Low-level lasers are generally sold as independent devices; however, Zolar Soft Tissue Dental Diode Laser have recently released a Health Canada approved device that houses two low level laser heads in their 810nm, 3Watt diode laser. Each head has settings to produce either a stimulatory or inhibitory effect, depending on the dosage used. This will be discussed in further detail below (Fig. 1).
FIGURE 1.
Mechanism of Action
Low-level laser therapy (LLLT) works at the cellular level to stimulate the production of cellular energy in the form of adenosine triphosphate, or ATP. ATP can be thought of as the gasoline of the cell–it provides the energy needed to help a cell function effectively and repair itself. Table 2 outlines some of the secondary and tertiary effects of Low-level laser therapy.
TABLE 2.
History of Laser Therapy
The use of light for healing and physical well-being is not a modern concept. For centuries, people have valued the healing nature of light and have historically used it in different forms of clinical therapies. Hospitals frequently took patients to their rooftops to help improve patient health. Light therapy has been studied and used for decades to combat winter depression (Seasonal Affective Disorder). One of the early pioneers of light therapy was Dr. Niels Finsen. He founded clinics that used sunlight and arc lamp light to successfully treat Lupus Vulgaris, Tuberculosis, and to prevent the scarring from smallpox, earning the Nobel Prize in medicine in 1903. When studies on light began in earnest in the 50s, many researchers were skeptical of the safety of light devices, often proposing that any wavelength in the electromagnetic spectrum might have negative effects (much like UV radiation) such as cancer.
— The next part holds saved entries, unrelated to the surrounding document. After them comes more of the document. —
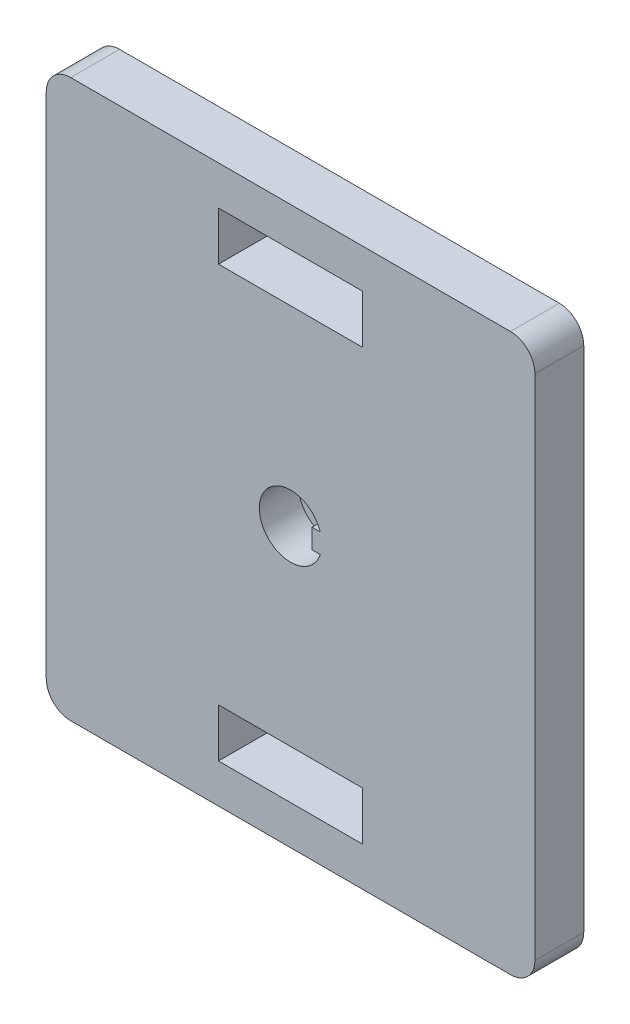
SolidWorks part; units mm, degrees
ref_plane "Ön Düzlem" through (0, 0, 0) normal (0, 0, 1) x (1, 0, 0)
ref_plane "Üst Düzlem" through (0, 0, 0) normal (0, 1, 0) x (1, 0, 0)
ref_plane "Sağ Düzlem" through (0, 0, 0) normal (1, 0, 0) x (0, 0, -1)
ref_plane "Düzlem1" through (0, 0, 10) normal (0, 0, 1) x (1, 0, 0)
sketch "Çizim1" plane through (0, 0, 10) normal (0, 0, 1) x (1, 0, 0)
  line L0 (0, 0) -> (100, 0)
  line L1 (100, 0) -> (100, 114)
  line L2 (100, 114) -> (0, 114)
  line L3 (0, 114) -> (0, 0)
extrude "Yükseklik-Ekstrüzyon1" add sketch "Çizim1" against normal blind 10
sketch "Çizim2" plane through (0, 0, 10) normal (0, 0, 1) x (1, 0, 0)
  line L0 (35.25, 96.05) -> (64.75, 96.05)
  line L1 (64.75, 96.05) -> (64.75, 106)
  line L2 (64.75, 106) -> (35.25, 106)
  line L3 (35.25, 106) -> (35.25, 96.05)
  line L4 (100, 114) -> (0, 114) construction
  line L5 (100, 0) -> (100, 114) construction
  line L6 (0, 114) -> (0, 0) construction
  dimension "D1" = 8
  dimension "D2" = 35.25
  dimension "D3" = 9.95
  dimension "D4" = 35.25
extrude "Kes-Ekstrüzyon1" cut sketch "Çizim2" against normal through all
sketch "Çizim3" plane through (0, 0, 0) normal (0, 0, -1) x (-1, 0, 0)
  line L0 (-35.25, 8) -> (-35.25, 17.95)
  line L1 (-35.25, 17.95) -> (-64.75, 17.95)
  line L2 (-64.75, 17.95) -> (-64.75, 8)
  line L3 (-64.75, 8) -> (-35.25, 8)
  line L4 (-100, 0) -> (-100, 114) construction
  line L5 (0, 0) -> (-100, 0) construction
  line L6 (0, 114) -> (0, 0) construction
  dimension "D1" = 35.25
  dimension "D2" = 9.95
  dimension "D3" = 8
  dimension "D4" = 35.25
extrude "Kes-Ekstrüzyon2" cut sketch "Çizim3" against normal through all
fillet "Radyus1" radius 5 4 edges at (0, 0, 5) (0, 114, 5) (100, 0, 5) (100, 114, 5)
sketch "Çizim14" plane through (0, 0, 10) normal (0, 0, 1) x (1, 0, 0)
  line L0 (35.25, 96.05) -> (64.75, 96.05) construction
  line L1 (54.4, 59) -> (54.4, 55)
  line L4 (0, 109) -> (0, 5) construction
  line L7 (54.4, 59) -> (56.0795, 59)
  line L8 (54.4, 55) -> (56.0795, 55)
  arc A0 (56.0795, 59) -> (56.0795, 55) centre (50, 57) ccw
  point P7 (54.4, 57)
  dimension "D1" = 39.05
  dimension "D2" = 50
extrude "Kes-Ekstrüzyon3" cut sketch "Çizim14" against normal blind 8 contours A0 L8 L1 L7

One such researcher, Dr. Endre Mester, set out to investigate whether this hypothesis was correct and found that the laser did NOT cause cancer or cellular damage in his animal models; it actually stimulated the healing of wounds and hair growth. This was one of the first documented demonstrations of the biostimulatory effects of light. Since then, thousands of in vitro and in vivo studies have been conducted on the use of laser therapy, many published in esteemed journals such as Nature, Pain and The Lancet. Further, laser therapy has been included in a number of evidence based clinical guidelines for neck pain, Achilles tendinitis and rotator cuff injuries.
Safety
It is only cells that are deficient in, or incapable of, producing optimal amounts of ATP that will be affected by LLLT. Once the optimal amount of ATP is being produced, our cells use the enzymes called ATPases to cease the ongoing production of cellular energy. As such, laser light will not negatively affect healthy cells and thus, there are no detrimental side effects to LLLT. This has been demonstrated repeatedly in the published literature and is a key factor in making it such an appealing treatment modality to an increasing number of healthcare professionals.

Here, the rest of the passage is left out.